What the task requires –
Every line holding "styles" should be copied from the records below.

[[ Exercise material open ]]

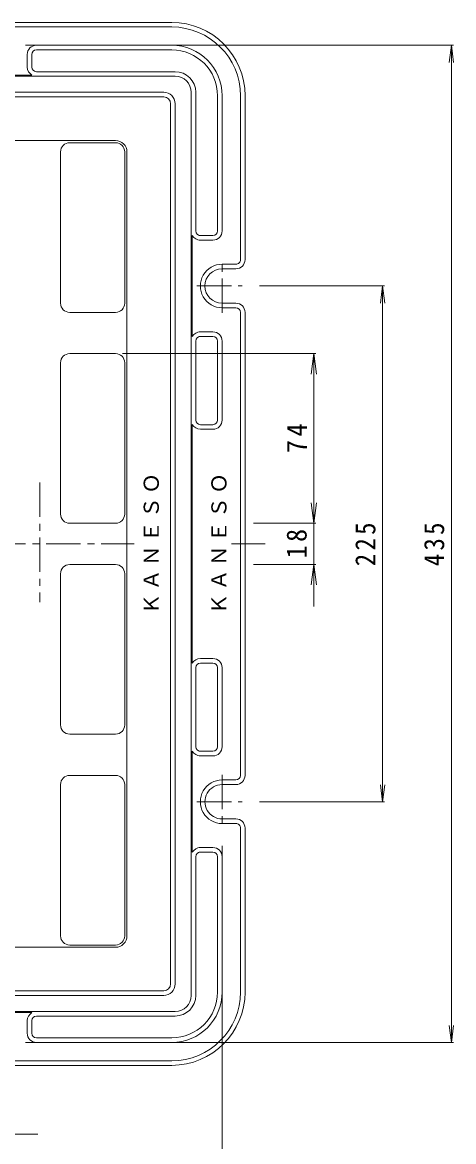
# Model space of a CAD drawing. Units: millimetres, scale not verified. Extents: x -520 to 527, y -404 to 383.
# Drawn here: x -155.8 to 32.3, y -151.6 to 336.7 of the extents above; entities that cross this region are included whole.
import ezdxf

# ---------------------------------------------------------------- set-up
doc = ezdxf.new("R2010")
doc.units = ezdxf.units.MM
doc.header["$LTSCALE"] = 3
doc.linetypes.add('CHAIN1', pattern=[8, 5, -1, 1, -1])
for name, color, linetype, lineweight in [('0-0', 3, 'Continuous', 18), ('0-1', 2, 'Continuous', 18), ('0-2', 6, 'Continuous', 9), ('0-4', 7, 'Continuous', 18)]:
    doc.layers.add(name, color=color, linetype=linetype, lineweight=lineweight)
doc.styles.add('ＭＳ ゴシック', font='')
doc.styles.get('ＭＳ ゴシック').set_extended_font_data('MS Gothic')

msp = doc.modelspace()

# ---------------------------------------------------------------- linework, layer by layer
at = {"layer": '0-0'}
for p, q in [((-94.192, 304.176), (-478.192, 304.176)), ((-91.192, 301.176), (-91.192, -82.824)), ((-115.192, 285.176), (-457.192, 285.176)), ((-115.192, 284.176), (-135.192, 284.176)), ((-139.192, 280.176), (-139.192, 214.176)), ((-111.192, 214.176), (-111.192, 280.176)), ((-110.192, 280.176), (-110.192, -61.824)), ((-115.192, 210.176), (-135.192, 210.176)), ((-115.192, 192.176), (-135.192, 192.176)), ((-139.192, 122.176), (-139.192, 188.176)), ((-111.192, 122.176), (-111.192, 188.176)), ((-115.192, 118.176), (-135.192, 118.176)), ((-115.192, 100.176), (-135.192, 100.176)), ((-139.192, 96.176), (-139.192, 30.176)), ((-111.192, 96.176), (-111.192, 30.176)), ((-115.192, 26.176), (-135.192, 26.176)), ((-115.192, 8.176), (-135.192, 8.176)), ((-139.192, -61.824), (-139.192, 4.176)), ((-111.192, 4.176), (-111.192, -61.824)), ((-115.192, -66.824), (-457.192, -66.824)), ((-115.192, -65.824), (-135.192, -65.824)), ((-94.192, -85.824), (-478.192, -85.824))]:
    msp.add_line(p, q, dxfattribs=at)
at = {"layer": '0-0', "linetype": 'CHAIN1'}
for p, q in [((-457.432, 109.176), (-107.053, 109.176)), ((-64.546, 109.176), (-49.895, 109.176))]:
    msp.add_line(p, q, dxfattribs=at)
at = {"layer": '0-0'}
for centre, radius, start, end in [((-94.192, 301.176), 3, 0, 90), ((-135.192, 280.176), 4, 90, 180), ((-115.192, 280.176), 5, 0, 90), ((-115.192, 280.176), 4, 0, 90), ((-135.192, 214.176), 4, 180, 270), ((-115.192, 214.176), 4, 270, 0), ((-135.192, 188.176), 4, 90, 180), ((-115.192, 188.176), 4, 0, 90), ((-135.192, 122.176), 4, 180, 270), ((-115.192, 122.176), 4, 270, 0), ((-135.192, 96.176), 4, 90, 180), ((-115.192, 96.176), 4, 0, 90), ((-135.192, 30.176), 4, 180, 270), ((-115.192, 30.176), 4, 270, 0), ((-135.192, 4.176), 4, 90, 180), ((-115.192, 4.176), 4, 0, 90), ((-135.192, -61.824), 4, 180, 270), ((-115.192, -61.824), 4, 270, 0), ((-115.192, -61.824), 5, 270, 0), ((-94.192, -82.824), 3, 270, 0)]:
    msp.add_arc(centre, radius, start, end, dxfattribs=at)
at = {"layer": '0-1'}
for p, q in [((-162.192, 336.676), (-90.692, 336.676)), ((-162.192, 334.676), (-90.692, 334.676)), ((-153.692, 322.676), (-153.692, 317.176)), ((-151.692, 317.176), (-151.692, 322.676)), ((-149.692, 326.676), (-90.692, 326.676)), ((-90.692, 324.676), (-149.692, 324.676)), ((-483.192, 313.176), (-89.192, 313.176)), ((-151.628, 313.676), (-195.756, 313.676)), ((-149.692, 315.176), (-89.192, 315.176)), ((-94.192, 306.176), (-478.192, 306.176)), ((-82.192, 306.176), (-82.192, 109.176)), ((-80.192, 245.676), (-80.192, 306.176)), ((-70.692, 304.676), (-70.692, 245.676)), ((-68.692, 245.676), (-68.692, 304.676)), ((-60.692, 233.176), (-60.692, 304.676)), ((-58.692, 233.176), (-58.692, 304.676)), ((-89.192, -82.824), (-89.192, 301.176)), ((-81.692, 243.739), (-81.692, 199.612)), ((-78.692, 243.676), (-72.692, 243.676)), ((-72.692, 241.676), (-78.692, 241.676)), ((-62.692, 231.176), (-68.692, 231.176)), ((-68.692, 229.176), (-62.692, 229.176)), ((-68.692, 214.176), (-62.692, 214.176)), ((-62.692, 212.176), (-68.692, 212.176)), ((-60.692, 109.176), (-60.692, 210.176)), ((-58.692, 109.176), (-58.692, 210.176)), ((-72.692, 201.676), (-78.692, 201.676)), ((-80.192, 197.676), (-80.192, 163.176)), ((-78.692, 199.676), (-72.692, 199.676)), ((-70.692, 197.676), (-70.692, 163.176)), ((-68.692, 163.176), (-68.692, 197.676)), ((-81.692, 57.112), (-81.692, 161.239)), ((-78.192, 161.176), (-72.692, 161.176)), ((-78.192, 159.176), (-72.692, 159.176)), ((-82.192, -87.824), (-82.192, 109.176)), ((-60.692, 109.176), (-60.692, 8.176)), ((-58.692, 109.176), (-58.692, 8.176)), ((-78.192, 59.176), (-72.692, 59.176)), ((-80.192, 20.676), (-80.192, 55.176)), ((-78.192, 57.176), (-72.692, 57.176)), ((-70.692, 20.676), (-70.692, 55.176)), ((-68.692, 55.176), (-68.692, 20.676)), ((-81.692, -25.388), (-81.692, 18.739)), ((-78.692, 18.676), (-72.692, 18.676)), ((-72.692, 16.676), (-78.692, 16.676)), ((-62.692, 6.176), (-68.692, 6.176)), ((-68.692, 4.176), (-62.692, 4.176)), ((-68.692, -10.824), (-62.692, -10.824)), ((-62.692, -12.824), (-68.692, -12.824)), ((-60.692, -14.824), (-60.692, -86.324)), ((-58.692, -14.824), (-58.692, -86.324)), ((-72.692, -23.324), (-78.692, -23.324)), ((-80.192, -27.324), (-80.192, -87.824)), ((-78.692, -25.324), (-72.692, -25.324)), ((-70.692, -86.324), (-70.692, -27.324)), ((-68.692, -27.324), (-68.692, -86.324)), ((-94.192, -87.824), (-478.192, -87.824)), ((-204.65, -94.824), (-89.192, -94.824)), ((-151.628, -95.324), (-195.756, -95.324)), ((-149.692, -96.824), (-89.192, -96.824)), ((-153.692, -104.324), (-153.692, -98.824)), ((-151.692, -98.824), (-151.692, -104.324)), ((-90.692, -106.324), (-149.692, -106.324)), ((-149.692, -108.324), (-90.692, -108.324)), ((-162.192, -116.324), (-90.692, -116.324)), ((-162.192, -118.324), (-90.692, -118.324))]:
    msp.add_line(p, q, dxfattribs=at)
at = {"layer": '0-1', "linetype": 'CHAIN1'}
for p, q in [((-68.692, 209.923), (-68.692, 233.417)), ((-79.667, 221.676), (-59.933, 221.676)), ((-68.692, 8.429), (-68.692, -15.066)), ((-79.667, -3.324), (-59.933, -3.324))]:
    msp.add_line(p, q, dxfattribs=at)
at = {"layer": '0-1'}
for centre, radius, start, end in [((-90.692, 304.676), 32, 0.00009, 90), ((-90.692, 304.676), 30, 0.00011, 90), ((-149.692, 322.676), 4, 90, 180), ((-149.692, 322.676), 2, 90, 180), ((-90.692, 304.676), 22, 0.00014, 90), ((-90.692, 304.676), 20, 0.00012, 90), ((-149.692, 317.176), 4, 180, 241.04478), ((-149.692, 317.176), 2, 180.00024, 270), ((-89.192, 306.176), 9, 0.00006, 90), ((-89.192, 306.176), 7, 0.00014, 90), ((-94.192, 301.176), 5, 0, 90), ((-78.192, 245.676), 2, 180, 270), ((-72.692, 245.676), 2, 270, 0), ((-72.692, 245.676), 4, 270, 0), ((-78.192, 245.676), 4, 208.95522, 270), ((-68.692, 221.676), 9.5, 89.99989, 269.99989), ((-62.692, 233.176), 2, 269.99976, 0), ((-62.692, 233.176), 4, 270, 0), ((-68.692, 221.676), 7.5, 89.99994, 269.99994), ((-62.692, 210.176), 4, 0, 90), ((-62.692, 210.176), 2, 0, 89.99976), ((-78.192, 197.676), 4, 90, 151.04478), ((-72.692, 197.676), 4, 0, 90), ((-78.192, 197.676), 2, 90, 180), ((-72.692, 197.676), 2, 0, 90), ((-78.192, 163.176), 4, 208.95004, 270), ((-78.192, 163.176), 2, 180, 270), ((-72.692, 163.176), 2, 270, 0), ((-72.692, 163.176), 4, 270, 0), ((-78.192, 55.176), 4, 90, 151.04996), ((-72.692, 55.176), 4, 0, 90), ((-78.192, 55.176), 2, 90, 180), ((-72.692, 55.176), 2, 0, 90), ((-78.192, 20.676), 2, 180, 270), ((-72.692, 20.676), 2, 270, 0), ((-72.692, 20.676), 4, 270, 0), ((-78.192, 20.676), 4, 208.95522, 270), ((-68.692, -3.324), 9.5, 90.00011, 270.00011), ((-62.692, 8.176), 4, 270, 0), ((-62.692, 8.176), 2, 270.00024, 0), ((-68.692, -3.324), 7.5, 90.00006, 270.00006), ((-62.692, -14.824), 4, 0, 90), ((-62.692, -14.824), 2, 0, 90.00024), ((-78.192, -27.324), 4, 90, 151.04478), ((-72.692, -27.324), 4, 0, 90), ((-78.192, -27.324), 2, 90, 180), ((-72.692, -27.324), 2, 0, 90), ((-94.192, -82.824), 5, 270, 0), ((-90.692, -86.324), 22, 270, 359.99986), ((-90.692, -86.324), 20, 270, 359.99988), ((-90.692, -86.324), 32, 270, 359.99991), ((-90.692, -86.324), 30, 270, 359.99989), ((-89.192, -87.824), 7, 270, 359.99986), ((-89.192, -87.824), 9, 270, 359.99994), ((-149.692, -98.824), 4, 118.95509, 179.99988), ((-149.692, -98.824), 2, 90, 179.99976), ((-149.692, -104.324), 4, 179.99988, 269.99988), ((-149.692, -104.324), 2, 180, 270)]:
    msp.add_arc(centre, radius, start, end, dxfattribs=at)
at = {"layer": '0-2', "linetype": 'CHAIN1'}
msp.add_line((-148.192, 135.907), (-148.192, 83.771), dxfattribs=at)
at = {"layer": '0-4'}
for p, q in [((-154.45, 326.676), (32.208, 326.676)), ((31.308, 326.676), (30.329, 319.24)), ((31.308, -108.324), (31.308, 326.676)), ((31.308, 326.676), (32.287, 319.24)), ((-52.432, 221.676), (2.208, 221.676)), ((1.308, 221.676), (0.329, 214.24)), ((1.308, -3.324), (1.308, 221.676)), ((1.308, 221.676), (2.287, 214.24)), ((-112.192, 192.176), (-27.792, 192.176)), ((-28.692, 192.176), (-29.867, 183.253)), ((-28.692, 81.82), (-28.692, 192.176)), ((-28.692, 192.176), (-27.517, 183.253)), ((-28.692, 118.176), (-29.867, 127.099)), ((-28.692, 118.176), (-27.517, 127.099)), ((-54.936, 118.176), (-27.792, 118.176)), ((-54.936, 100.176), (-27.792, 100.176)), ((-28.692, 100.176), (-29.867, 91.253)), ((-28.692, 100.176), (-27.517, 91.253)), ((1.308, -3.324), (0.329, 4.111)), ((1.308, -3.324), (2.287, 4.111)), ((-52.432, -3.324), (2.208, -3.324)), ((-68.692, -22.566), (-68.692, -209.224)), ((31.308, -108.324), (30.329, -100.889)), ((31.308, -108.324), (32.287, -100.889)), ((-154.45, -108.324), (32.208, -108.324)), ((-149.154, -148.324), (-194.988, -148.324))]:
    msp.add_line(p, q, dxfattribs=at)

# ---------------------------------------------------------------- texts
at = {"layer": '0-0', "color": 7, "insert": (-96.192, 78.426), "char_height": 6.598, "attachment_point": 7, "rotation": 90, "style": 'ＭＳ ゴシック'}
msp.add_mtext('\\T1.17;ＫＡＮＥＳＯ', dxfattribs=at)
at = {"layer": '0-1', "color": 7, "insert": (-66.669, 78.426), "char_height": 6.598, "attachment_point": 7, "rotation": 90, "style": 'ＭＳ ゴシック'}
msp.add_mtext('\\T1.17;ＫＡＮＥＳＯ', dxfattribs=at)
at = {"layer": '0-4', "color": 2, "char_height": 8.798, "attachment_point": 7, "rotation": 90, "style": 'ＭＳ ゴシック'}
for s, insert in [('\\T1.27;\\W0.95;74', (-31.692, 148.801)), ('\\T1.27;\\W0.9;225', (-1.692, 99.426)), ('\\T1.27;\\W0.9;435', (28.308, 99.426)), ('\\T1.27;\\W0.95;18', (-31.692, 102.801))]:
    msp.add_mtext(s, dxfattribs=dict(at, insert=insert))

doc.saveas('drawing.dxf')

[[ Exercise material closed ]]

Answer below –
doc.styles.add('ＭＳ ゴシック', font='')
doc.styles.get('ＭＳ ゴシック').set_extended_font_data('MS Gothic')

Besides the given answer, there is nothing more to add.